▸ **SOURCE MATERIAL**:
..........
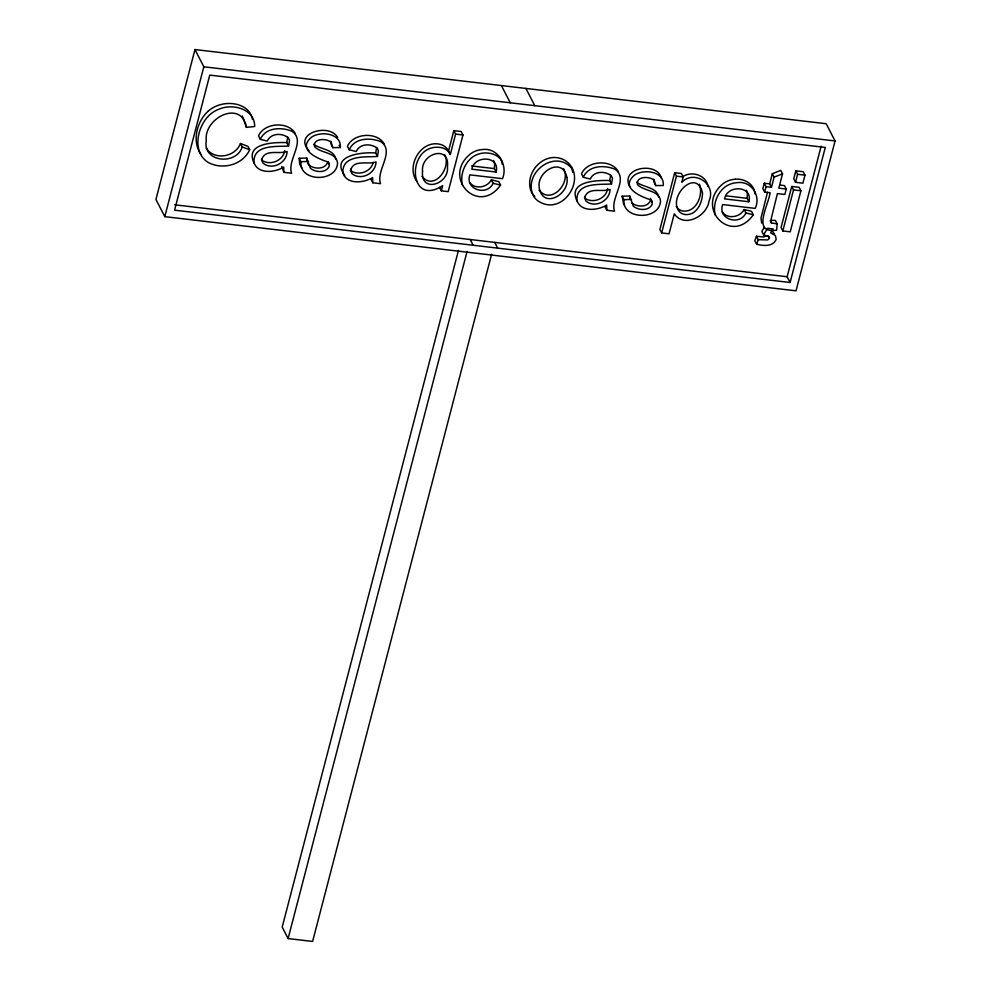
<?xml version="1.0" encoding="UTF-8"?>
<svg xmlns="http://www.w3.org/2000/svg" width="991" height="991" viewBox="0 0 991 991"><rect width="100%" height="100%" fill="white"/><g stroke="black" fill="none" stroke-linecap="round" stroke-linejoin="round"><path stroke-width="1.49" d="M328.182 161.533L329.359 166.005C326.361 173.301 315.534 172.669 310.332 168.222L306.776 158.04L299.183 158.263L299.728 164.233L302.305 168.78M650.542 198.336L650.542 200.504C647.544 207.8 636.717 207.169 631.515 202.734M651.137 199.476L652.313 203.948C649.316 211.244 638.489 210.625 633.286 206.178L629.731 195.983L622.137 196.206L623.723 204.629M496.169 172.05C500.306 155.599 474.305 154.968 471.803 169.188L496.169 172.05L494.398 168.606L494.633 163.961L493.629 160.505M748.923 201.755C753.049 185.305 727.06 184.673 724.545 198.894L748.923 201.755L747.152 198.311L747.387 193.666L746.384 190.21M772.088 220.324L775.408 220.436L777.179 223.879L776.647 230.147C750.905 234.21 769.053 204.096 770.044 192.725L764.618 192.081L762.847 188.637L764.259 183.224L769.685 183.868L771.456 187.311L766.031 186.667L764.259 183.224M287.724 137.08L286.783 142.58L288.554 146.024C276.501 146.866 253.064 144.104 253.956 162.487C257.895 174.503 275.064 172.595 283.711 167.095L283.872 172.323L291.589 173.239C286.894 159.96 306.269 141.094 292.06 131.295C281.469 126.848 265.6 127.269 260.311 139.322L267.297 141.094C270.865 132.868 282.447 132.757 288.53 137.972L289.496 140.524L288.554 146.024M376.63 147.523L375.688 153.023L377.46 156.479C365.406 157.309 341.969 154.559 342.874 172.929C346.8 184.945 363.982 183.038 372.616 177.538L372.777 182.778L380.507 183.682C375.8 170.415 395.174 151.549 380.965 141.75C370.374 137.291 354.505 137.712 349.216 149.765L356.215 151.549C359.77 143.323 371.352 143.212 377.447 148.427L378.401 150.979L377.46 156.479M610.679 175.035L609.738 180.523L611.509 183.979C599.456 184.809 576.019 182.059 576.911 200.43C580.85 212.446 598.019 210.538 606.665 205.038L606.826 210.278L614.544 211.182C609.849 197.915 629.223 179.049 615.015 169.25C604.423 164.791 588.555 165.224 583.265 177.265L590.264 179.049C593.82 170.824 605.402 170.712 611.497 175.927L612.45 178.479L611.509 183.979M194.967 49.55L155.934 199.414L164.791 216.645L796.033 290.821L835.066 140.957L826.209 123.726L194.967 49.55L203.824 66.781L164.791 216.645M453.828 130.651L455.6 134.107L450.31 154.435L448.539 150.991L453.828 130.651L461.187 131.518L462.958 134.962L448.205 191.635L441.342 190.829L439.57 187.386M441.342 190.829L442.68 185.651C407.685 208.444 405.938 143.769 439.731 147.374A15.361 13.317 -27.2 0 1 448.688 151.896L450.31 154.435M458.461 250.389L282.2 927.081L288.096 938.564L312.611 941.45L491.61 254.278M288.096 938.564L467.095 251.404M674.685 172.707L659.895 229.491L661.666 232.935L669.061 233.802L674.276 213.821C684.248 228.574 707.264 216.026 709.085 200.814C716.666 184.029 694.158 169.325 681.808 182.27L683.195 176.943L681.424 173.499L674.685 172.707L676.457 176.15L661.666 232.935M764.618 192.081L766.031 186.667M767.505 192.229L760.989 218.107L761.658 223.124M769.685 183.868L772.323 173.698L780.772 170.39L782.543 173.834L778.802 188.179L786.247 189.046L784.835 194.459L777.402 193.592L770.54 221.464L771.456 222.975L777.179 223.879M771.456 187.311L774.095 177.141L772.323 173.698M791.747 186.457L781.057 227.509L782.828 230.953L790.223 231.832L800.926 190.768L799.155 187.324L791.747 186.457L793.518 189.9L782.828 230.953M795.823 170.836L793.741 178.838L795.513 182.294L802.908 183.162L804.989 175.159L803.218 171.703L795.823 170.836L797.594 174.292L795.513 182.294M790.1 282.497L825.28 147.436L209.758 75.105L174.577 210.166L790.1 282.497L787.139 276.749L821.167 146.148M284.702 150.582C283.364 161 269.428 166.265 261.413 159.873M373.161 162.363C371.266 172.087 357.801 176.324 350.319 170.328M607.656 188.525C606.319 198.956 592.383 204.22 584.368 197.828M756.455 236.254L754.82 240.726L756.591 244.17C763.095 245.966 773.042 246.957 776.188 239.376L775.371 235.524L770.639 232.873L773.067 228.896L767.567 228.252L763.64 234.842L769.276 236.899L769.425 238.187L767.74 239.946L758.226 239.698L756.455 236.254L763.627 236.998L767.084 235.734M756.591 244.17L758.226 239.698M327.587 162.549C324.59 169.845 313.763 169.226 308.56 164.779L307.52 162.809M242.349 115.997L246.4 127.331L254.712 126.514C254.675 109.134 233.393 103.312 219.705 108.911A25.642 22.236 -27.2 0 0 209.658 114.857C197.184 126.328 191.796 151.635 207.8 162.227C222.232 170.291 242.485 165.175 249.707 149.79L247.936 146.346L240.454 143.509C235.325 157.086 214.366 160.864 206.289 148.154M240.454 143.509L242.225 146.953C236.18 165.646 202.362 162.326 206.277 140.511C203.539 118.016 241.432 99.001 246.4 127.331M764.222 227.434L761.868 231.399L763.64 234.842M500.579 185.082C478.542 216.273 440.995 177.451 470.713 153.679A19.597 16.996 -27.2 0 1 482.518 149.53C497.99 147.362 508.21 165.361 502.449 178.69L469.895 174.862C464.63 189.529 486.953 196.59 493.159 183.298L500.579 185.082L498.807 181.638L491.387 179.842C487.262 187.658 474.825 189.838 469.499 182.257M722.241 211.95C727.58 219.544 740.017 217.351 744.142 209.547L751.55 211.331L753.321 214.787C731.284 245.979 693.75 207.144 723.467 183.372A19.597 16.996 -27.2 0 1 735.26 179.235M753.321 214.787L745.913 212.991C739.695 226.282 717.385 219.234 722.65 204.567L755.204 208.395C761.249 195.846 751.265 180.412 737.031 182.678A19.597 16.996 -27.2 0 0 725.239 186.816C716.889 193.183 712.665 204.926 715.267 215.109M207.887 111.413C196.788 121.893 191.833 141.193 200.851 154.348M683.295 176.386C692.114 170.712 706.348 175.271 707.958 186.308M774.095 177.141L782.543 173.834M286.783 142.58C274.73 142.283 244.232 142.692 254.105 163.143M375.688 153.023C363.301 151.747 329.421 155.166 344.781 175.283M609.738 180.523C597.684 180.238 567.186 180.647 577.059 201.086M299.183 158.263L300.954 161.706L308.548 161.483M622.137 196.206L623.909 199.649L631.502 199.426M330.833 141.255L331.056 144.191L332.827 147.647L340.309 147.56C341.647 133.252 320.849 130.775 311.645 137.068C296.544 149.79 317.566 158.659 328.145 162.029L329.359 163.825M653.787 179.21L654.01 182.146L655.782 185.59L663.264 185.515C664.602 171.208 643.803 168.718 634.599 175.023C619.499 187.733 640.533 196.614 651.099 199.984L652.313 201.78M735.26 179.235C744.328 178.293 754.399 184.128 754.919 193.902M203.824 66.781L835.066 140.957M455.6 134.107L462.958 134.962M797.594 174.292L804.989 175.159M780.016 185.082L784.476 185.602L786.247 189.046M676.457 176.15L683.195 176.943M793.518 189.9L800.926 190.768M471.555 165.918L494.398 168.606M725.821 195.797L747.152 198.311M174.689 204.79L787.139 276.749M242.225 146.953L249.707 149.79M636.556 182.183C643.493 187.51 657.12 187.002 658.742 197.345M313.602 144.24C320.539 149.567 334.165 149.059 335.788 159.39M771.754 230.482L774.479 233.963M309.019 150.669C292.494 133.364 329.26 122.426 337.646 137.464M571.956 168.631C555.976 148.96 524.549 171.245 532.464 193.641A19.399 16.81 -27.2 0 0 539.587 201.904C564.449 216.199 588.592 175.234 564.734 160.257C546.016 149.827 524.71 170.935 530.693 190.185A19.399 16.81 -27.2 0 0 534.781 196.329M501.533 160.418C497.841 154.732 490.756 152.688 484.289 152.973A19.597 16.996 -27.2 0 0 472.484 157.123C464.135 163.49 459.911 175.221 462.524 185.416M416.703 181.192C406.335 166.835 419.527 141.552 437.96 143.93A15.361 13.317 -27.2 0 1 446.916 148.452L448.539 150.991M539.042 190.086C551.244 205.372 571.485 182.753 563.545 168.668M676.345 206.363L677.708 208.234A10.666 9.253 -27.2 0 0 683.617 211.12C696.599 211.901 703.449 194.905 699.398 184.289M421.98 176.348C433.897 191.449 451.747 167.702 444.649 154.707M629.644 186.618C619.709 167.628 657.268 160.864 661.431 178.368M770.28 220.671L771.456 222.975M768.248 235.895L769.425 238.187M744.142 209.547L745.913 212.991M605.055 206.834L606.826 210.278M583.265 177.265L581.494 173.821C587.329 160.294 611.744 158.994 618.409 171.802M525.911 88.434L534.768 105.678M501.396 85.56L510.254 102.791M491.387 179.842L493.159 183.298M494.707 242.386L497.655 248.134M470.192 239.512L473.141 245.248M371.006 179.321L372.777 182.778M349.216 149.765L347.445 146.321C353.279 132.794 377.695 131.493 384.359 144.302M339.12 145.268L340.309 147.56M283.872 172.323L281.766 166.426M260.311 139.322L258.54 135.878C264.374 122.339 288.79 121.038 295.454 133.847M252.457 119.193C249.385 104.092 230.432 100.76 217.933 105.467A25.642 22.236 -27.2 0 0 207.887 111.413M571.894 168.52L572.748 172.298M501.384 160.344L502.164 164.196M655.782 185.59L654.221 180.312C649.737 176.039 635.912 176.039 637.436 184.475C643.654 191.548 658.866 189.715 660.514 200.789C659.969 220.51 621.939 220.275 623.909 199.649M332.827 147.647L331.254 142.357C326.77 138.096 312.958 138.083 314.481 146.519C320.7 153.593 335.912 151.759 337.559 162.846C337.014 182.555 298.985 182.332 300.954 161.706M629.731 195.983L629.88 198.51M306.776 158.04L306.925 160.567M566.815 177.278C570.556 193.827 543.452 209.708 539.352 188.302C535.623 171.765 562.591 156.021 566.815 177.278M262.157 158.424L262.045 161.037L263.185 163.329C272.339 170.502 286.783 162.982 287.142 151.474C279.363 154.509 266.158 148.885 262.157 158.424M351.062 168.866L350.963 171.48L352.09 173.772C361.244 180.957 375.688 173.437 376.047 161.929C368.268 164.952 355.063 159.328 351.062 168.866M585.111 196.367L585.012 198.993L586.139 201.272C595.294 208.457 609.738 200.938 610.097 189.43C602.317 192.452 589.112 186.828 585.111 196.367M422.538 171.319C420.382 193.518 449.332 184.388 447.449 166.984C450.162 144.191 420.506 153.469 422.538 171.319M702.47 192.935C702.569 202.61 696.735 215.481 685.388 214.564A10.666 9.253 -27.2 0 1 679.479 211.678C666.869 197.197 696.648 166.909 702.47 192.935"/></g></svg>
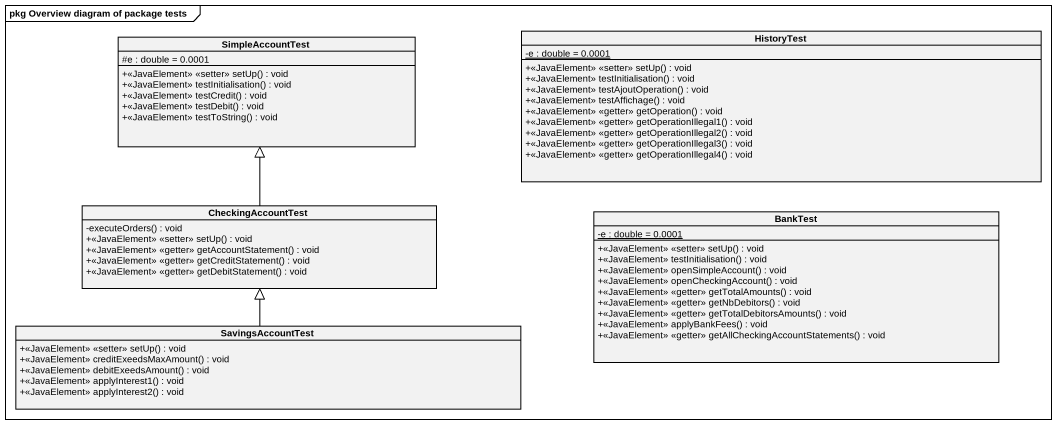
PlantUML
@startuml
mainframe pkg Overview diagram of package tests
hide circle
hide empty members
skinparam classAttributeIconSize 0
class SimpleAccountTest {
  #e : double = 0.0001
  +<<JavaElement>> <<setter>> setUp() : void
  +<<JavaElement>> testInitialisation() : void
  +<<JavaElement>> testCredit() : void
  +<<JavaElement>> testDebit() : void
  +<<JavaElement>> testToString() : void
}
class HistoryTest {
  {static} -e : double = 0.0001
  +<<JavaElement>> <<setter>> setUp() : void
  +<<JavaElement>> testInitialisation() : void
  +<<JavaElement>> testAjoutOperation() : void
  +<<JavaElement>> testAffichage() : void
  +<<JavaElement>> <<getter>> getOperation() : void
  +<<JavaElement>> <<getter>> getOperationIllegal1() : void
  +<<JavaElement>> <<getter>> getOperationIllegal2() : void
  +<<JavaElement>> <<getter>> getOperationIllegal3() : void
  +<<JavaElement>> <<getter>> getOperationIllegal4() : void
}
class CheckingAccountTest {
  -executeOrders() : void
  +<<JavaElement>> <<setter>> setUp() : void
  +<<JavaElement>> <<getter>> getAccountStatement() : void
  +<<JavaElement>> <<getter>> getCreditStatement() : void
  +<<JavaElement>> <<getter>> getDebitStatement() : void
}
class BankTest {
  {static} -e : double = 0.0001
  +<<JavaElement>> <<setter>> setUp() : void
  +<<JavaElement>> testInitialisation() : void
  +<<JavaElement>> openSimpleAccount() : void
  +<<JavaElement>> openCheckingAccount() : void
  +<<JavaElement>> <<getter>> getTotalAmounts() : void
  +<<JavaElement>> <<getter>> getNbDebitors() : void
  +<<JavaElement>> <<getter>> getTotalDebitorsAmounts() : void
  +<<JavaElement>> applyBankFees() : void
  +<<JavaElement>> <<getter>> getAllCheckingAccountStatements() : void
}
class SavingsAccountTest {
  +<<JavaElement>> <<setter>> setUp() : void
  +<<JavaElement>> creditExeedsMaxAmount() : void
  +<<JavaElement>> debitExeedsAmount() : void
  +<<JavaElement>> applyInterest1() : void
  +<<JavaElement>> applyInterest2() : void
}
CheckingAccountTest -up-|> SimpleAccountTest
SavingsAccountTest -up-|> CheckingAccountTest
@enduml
..........
▸ **WHAT THE TASK REQUIRES**: Starting with the line with "testCredit() : void" above and going on through the line with "getOperationIllegal2() : void", transcribe every line exactly, both ends included, and add nothing.

▸ **TASK RESULT**:
  +<<JavaElement>> testCredit() : void
  +<<JavaElement>> testDebit() : void
  +<<JavaElement>> testToString() : void
}
class HistoryTest {
  {static} -e : double = 0.0001
  +<<JavaElement>> <<setter>> setUp() : void
  +<<JavaElement>> testInitialisation() : void
  +<<JavaElement>> testAjoutOperation() : void
  +<<JavaElement>> testAffichage() : void
  +<<JavaElement>> <<getter>> getOperation() : void
  +<<JavaElement>> <<getter>> getOperationIllegal1() : void
  +<<JavaElement>> <<getter>> getOperationIllegal2() : void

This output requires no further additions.